# Finally got my ProPress



## JDGA80 (Dec 9, 2012)

Just won an E-bay auction for an almost brand new looking RP210 with ½-1¼ jaws, case, manual, and lithium ion batteries for $950. Haven't been this stoked in a while. Can't wait to get it delivered!


----------



## r williams (Jan 1, 2013)

Wow that's great price for that. I love using pro press. Nibco press systems has a good one that we are using on a job now.


----------



## Plumberman911 (Dec 23, 2012)

cool, you will like it


----------



## TX MECH PLUMBER (May 27, 2011)

Did it come with any solder and flux ??? Lol. Lmao. ??? We lost another to the pp


----------



## Drumma Plumma (Jun 5, 2012)

I say if it make life easier, then I like it.

Sweating is for fat guys. Just press it


----------



## JDGA80 (Dec 9, 2012)

TX MECH PLUMBER said:


> Did it come with any solder and flux ??? Lol. Lmao. ??? We lost another to the pp


I was so fed up trying to get water out of lines, getting all those lovely little cuts packing bread and getting flux on everything in cold, water filled meter pits. I sat sat back on my heels and said there's an easier quicker way and my cheap A** needs to come off a few dollars. Gotta hold on to the torch and solder for those fun lowboy water heaters and hard to get to stuff. Check that, that's what PEX is for. Lol


----------



## TX MECH PLUMBER (May 27, 2011)

Drumma Plumma said:


> I say if it make life easier, then I like it.
> 
> Sweating is for fat guys. Just press it


Fat guys ?? Press is for wussys. I weigh 155 I'm more on the skinny side. 

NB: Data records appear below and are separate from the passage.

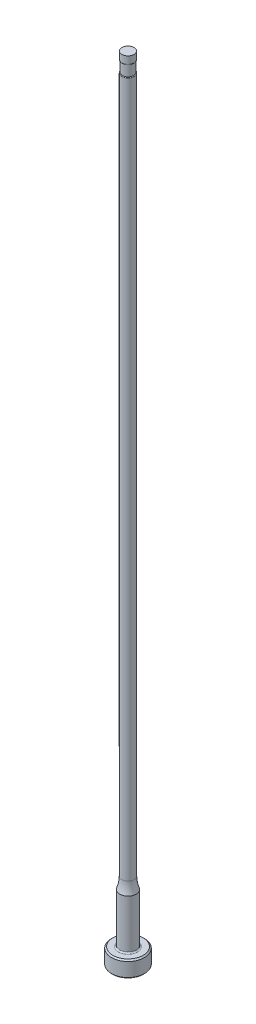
ISO-10303-21;
HEADER;
FILE_DESCRIPTION(('STEP AP214'),'2;1');
FILE_NAME('part.step','',(''),(''),'','','');
FILE_SCHEMA(('AUTOMOTIVE_DESIGN { 1 0 10303 214 1 1 1 1 }'));
ENDSEC;
DATA;
#1=APPLICATION_CONTEXT('core data for automotive mechanical design processes');
#2=APPLICATION_PROTOCOL_DEFINITION('international standard','automotive_design',2000,#1);
#3=PRODUCT_CONTEXT('',#1,'mechanical');
#4=PRODUCT('Part','Part','',(#3));
#5=PRODUCT_RELATED_PRODUCT_CATEGORY('part','',(#4));
#6=PRODUCT_DEFINITION_FORMATION('','',#4);
#7=PRODUCT_DEFINITION_CONTEXT('part definition',#1,'design');
#8=PRODUCT_DEFINITION('design','',#6,#7);
#9=PRODUCT_DEFINITION_SHAPE('','',#8);
#10=(LENGTH_UNIT() NAMED_UNIT(*) SI_UNIT(.MILLI.,.METRE.));
#11=(NAMED_UNIT(*) PLANE_ANGLE_UNIT() SI_UNIT($,.RADIAN.));
#12=(NAMED_UNIT(*) SI_UNIT($,.STERADIAN.) SOLID_ANGLE_UNIT());
#13=UNCERTAINTY_MEASURE_WITH_UNIT(LENGTH_MEASURE(1.E-05),#10,'distance_accuracy_value','');
#14=(GEOMETRIC_REPRESENTATION_CONTEXT(3) GLOBAL_UNCERTAINTY_ASSIGNED_CONTEXT((#13)) GLOBAL_UNIT_ASSIGNED_CONTEXT((#10,
#11,#12)) REPRESENTATION_CONTEXT('',''));
#15=CARTESIAN_POINT('',(0.,0.,0.));
#16=DIRECTION('',(0.,0.,1.));
#17=DIRECTION('',(1.,0.,0.));
#18=AXIS2_PLACEMENT_3D('',#15,#16,#17);
#19=CARTESIAN_POINT('',(0.,259.958771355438,0.));
#20=DIRECTION('',(0.,1.,0.));
#21=DIRECTION('',(0.,0.,1.));
#22=AXIS2_PLACEMENT_3D('',#19,#20,#21);
#23=CYLINDRICAL_SURFACE('',#22,1.18998999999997);
#24=DIRECTION('',(0.,1.,0.));
#25=VECTOR('',#24,1.);
#26=CARTESIAN_POINT('',(-1.08838999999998,259.958771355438,-0.481127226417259));
#27=LINE('',#26,#25);
#28=CARTESIAN_POINT('',(-1.08838999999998,148.719565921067,-0.481127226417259));
#29=VERTEX_POINT('',#28);
#30=CARTESIAN_POINT('',(-1.08838999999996,111.76,-0.481127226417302));
#31=VERTEX_POINT('',#30);
#32=EDGE_CURVE('E66',#29,#31,#27,.F.);
#33=ORIENTED_EDGE('',*,*,#32,.F.);
#34=CARTESIAN_POINT('',(0.,148.719565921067,0.));
#35=DIRECTION('',(0.,1.,0.));
#36=DIRECTION('',(0.,0.,1.));
#37=AXIS2_PLACEMENT_3D('',#34,#35,#36);
#38=CIRCLE('',#37,1.18998999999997);
#39=CARTESIAN_POINT('',(-1.08838999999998,148.719565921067,0.481127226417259));
#40=VERTEX_POINT('',#39);
#41=EDGE_CURVE('E44',#29,#40,#38,.F.);
#42=ORIENTED_EDGE('',*,*,#41,.T.);
#43=DIRECTION('',(0.,1.,0.));
#44=VECTOR('',#43,1.);
#45=CARTESIAN_POINT('',(-1.08838999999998,259.958771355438,0.481127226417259));
#46=LINE('',#45,#44);
#47=CARTESIAN_POINT('',(-1.08838999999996,111.76,0.481127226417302));
#48=VERTEX_POINT('',#47);
#49=EDGE_CURVE('E72',#48,#40,#46,.T.);
#50=ORIENTED_EDGE('',*,*,#49,.F.);
#51=CARTESIAN_POINT('',(-1.08838999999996,111.76,-0.481127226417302));
#52=CARTESIAN_POINT('',(-1.08838966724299,111.731183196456,-0.481120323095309));
#53=CARTESIAN_POINT('',(-1.08878297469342,111.702379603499,-0.480240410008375));
#54=CARTESIAN_POINT('',(-1.0903471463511,111.64487486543,-0.476680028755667));
#55=CARTESIAN_POINT('',(-1.09151883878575,111.616173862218,-0.473997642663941));
#56=CARTESIAN_POINT('',(-1.0962236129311,111.529732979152,-0.463079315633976));
#57=CARTESIAN_POINT('',(-1.10094613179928,111.472365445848,-0.451969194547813));
#58=CARTESIAN_POINT('',(-1.11171709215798,111.373397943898,-0.424640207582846));
#59=CARTESIAN_POINT('',(-1.11720060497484,111.331237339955,-0.41021369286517));
#60=CARTESIAN_POINT('',(-1.12939077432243,111.24975729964,-0.375363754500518));
#61=CARTESIAN_POINT('',(-1.13609165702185,111.21042562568,-0.354968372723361));
#62=CARTESIAN_POINT('',(-1.1472645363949,111.150969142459,-0.316366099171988));
#63=CARTESIAN_POINT('',(-1.15158336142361,111.129348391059,-0.300422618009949));
#64=CARTESIAN_POINT('',(-1.16012072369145,111.088602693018,-0.265553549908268));
#65=CARTESIAN_POINT('',(-1.16433935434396,111.069475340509,-0.246630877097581));
#66=CARTESIAN_POINT('',(-1.17139417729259,111.038625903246,-0.210179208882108));
#67=CARTESIAN_POINT('',(-1.17432972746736,111.026201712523,-0.193268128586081));
#68=CARTESIAN_POINT('',(-1.17964378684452,111.004180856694,-0.157607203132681));
#69=CARTESIAN_POINT('',(-1.18202305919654,110.994580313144,-0.138859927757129));
#70=CARTESIAN_POINT('',(-1.1856222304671,110.980246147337,-0.103155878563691));
#71=CARTESIAN_POINT('',(-1.1869702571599,110.974963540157,-0.0864338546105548));
#72=CARTESIAN_POINT('',(-1.18896221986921,110.967197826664,-0.05230931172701));
#73=CARTESIAN_POINT('',(-1.18960661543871,110.964712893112,-0.0349072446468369));
#74=CARTESIAN_POINT('',(-1.1901191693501,110.962734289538,0.000122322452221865));
#75=CARTESIAN_POINT('',(-1.18998545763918,110.963247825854,0.0177502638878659));
#76=CARTESIAN_POINT('',(-1.18895328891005,110.967240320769,0.0526432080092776));
#77=CARTESIAN_POINT('',(-1.18805460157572,110.970720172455,0.0699080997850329));
#78=CARTESIAN_POINT('',(-1.18562828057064,110.98023683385,0.103108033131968));
#79=CARTESIAN_POINT('',(-1.18411982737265,110.986195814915,0.11906720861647));
#80=CARTESIAN_POINT('',(-1.18061056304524,111.000296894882,0.149921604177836));
#81=CARTESIAN_POINT('',(-1.17860955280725,111.008439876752,0.164816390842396));
#82=CARTESIAN_POINT('',(-1.17313921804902,111.031184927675,0.200749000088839));
#83=CARTESIAN_POINT('',(-1.1694436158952,111.046956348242,0.221012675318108));
#84=CARTESIAN_POINT('',(-1.16168543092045,111.081494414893,0.258718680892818));
#85=CARTESIAN_POINT('',(-1.15762196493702,111.100268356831,0.276153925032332));
#86=CARTESIAN_POINT('',(-1.14734460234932,111.150227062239,0.316729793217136));
#87=CARTESIAN_POINT('',(-1.14110751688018,111.182801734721,0.338145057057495));
#88=CARTESIAN_POINT('',(-1.12927494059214,111.250924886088,0.375765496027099));
#89=CARTESIAN_POINT('',(-1.12368108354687,111.28648055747,0.391957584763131));
#90=CARTESIAN_POINT('',(-1.11078204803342,111.379330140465,0.427525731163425));
#91=CARTESIAN_POINT('',(-1.10420802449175,111.437901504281,0.443819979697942));
#92=CARTESIAN_POINT('',(-1.09432365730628,111.556957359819,0.467642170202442));
#93=CARTESIAN_POINT('',(-1.09101219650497,111.617441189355,0.475173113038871));
#94=CARTESIAN_POINT('',(-1.0890934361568,111.691778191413,0.479532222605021));
#95=CARTESIAN_POINT('',(-1.08882945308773,111.705431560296,0.480131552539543));
#96=CARTESIAN_POINT('',(-1.08847803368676,111.732722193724,0.480928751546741));
#97=CARTESIAN_POINT('',(-1.08839020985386,111.746359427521,0.481127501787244));
#98=CARTESIAN_POINT('',(-1.08838999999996,111.76,0.481127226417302));
#99=B_SPLINE_CURVE_WITH_KNOTS('',3,(#51,#52,#53,#54,#55,#56,#57,#58,#59,#60,#61,#62,#63,#64,#65,
#66,#67,#68,#69,#70,#71,#72,#73,#74,#75,#76,#77,#78,#79,#80,#81,#82,#83,#84,#85,#86,#87,#88,#89,
#90,#91,#92,#93,#94,#95,#96,#97,#98),.UNSPECIFIED.,.F.,.F.,(4,2,2,2,2,2,2,2,2,2,2,2,2,2,2,2,2,2,
2,2,2,2,2,4),(0.,0.0864065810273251,0.172905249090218,0.348016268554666,0.48234589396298,
0.616054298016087,0.697472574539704,0.778811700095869,0.842154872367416,0.905410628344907,
0.957949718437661,1.01045447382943,1.0630854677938,1.11573231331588,1.16683808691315,
1.21796455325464,1.29535063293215,1.37292769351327,1.49070506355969,1.60877526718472,
1.79125586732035,1.9736739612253,2.01467753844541,2.05559081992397),.UNSPECIFIED.);
#100=EDGE_CURVE('E74',#31,#48,#99,.T.);
#101=ORIENTED_EDGE('',*,*,#100,.F.);
#102=EDGE_LOOP('',(#33,#42,#50,#101));
#103=FACE_BOUND('',#102,.T.);
#104=CARTESIAN_POINT('',(0.,14.9114164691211,0.));
#105=DIRECTION('',(0.,1.,0.));
#106=DIRECTION('',(0.,0.,1.));
#107=AXIS2_PLACEMENT_3D('',#104,#105,#106);
#108=CIRCLE('',#107,1.18998999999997);
#109=CARTESIAN_POINT('',(0.,14.9114164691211,1.18998999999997));
#110=VERTEX_POINT('',#109);
#111=EDGE_CURVE('E95',#110,#110,#108,.T.);
#112=ORIENTED_EDGE('',*,*,#111,.T.);
#113=EDGE_LOOP('',(#112));
#114=FACE_BOUND('',#113,.T.);
#115=ADVANCED_FACE('F36',(#103,#114),#23,.T.);
#116=CARTESIAN_POINT('',(0.,14.9114164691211,0.));
#117=DIRECTION('',(0.,1.,0.));
#118=DIRECTION('',(0.,0.,1.));
#119=AXIS2_PLACEMENT_3D('',#116,#117,#118);
#120=TOROIDAL_SURFACE('',#119,7.53998999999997,6.35);
#121=CARTESIAN_POINT('',(0.,12.7,0.));
#122=DIRECTION('',(0.,1.,0.));
#123=DIRECTION('',(0.,0.,1.));
#124=AXIS2_PLACEMENT_3D('',#121,#122,#123);
#125=CIRCLE('',#124,1.58749999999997);
#126=CARTESIAN_POINT('',(0.,12.7,1.58749999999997));
#127=VERTEX_POINT('',#126);
#128=EDGE_CURVE('E92',#127,#127,#125,.T.);
#129=ORIENTED_EDGE('',*,*,#128,.T.);
#130=EDGE_LOOP('',(#129));
#131=FACE_BOUND('',#130,.T.);
#132=ORIENTED_EDGE('',*,*,#111,.F.);
#133=EDGE_LOOP('',(#132));
#134=FACE_BOUND('',#133,.T.);
#135=ADVANCED_FACE('F156',(#131,#134),#120,.F.);
#136=CARTESIAN_POINT('',(0.,259.958771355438,0.));
#137=DIRECTION('',(0.,1.,0.));
#138=DIRECTION('',(0.,0.,1.));
#139=AXIS2_PLACEMENT_3D('',#136,#137,#138);
#140=CYLINDRICAL_SURFACE('',#139,1.58749999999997);
#141=CARTESIAN_POINT('',(0.,3.42900000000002,0.));
#142=DIRECTION('',(0.,1.,0.));
#143=DIRECTION('',(0.,0.,1.));
#144=AXIS2_PLACEMENT_3D('',#141,#142,#143);
#145=CIRCLE('',#144,1.58749999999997);
#146=CARTESIAN_POINT('',(0.,3.42900000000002,1.58749999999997));
#147=VERTEX_POINT('',#146);
#148=EDGE_CURVE('E110',#147,#147,#145,.T.);
#149=ORIENTED_EDGE('',*,*,#148,.T.);
#150=EDGE_LOOP('',(#149));
#151=FACE_BOUND('',#150,.T.);
#152=ORIENTED_EDGE('',*,*,#128,.F.);
#153=EDGE_LOOP('',(#152));
#154=FACE_BOUND('',#153,.T.);
#155=ADVANCED_FACE('F153',(#151,#154),#140,.T.);
#156=CARTESIAN_POINT('',(-3.17499999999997,3.175,0.));
#157=DIRECTION('',(0.,1.,0.));
#158=DIRECTION('',(0.,0.,1.));
#159=AXIS2_PLACEMENT_3D('',#156,#157,#158);
#160=PLANE('',#159);
#161=CARTESIAN_POINT('',(0.,3.175,0.));
#162=DIRECTION('',(0.,1.,0.));
#163=DIRECTION('',(0.,0.,1.));
#164=AXIS2_PLACEMENT_3D('',#161,#162,#163);
#165=CIRCLE('',#164,1.84149999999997);
#166=CARTESIAN_POINT('',(0.,3.175,1.84149999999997));
#167=VERTEX_POINT('',#166);
#168=EDGE_CURVE('E78',#167,#167,#165,.F.);
#169=ORIENTED_EDGE('',*,*,#168,.T.);
#170=EDGE_LOOP('',(#169));
#171=FACE_BOUND('',#170,.T.);
#172=CARTESIAN_POINT('',(0.,3.175,0.));
#173=DIRECTION('',(0.,1.,0.));
#174=DIRECTION('',(0.,0.,1.));
#175=AXIS2_PLACEMENT_3D('',#172,#173,#174);
#176=CIRCLE('',#175,2.92099999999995);
#177=CARTESIAN_POINT('',(0.,3.175,2.92099999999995));
#178=VERTEX_POINT('',#177);
#179=EDGE_CURVE('E98',#178,#178,#176,.T.);
#180=ORIENTED_EDGE('',*,*,#179,.T.);
#181=EDGE_LOOP('',(#180));
#182=FACE_BOUND('',#181,.T.);
#183=ADVANCED_FACE('F149',(#171,#182),#160,.T.);
#184=CARTESIAN_POINT('',(0.,259.958771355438,0.));
#185=DIRECTION('',(0.,1.,0.));
#186=DIRECTION('',(0.,0.,1.));
#187=AXIS2_PLACEMENT_3D('',#184,#185,#186);
#188=CYLINDRICAL_SURFACE('',#187,3.17499999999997);
#189=CARTESIAN_POINT('',(0.,2.92100000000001,0.));
#190=DIRECTION('',(0.,1.,0.));
#191=DIRECTION('',(0.,0.,1.));
#192=AXIS2_PLACEMENT_3D('',#189,#190,#191);
#193=CIRCLE('',#192,3.17499999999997);
#194=CARTESIAN_POINT('',(0.,2.92100000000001,3.17499999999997));
#195=VERTEX_POINT('',#194);
#196=EDGE_CURVE('E104',#195,#195,#193,.F.);
#197=ORIENTED_EDGE('',*,*,#196,.T.);
#198=EDGE_LOOP('',(#197));
#199=FACE_BOUND('',#198,.T.);
#200=CARTESIAN_POINT('',(0.,0.254000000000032,0.));
#201=DIRECTION('',(0.,-1.,0.));
#202=DIRECTION('',(0.,0.,-1.));
#203=AXIS2_PLACEMENT_3D('',#200,#201,#202);
#204=CIRCLE('',#203,3.17499999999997);
#205=CARTESIAN_POINT('',(0.,0.254000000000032,-3.17499999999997));
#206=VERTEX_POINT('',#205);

Really can't bid comm jobs around here with press ud never win any bids 

Iv pressed at another outfit and trust me Thers been days I'd kill to have a press but we don't and I use old school tricks to get it done. 
I've said before and now again press takes away some of the skill in the trade. Any body can solder 1" but not 4" or 5". But now any idiot can press whatever size 

I wish we had a press for the few times I need it 
Ud be surprised how many guys don't even have a torch on the truck anymore and are to dependent on the press. 

Good buy. And smart to keep the torch too
Just busting ur balls a bit. 
Lets not get into the debate of press or no press and hyjack his thread ... I was just letting him know why I made the wise crack!!!


----------



## Drumma Plumma (Jun 5, 2012)

Consider your own balls busted 


Sorry, can't help poking the bear now and again.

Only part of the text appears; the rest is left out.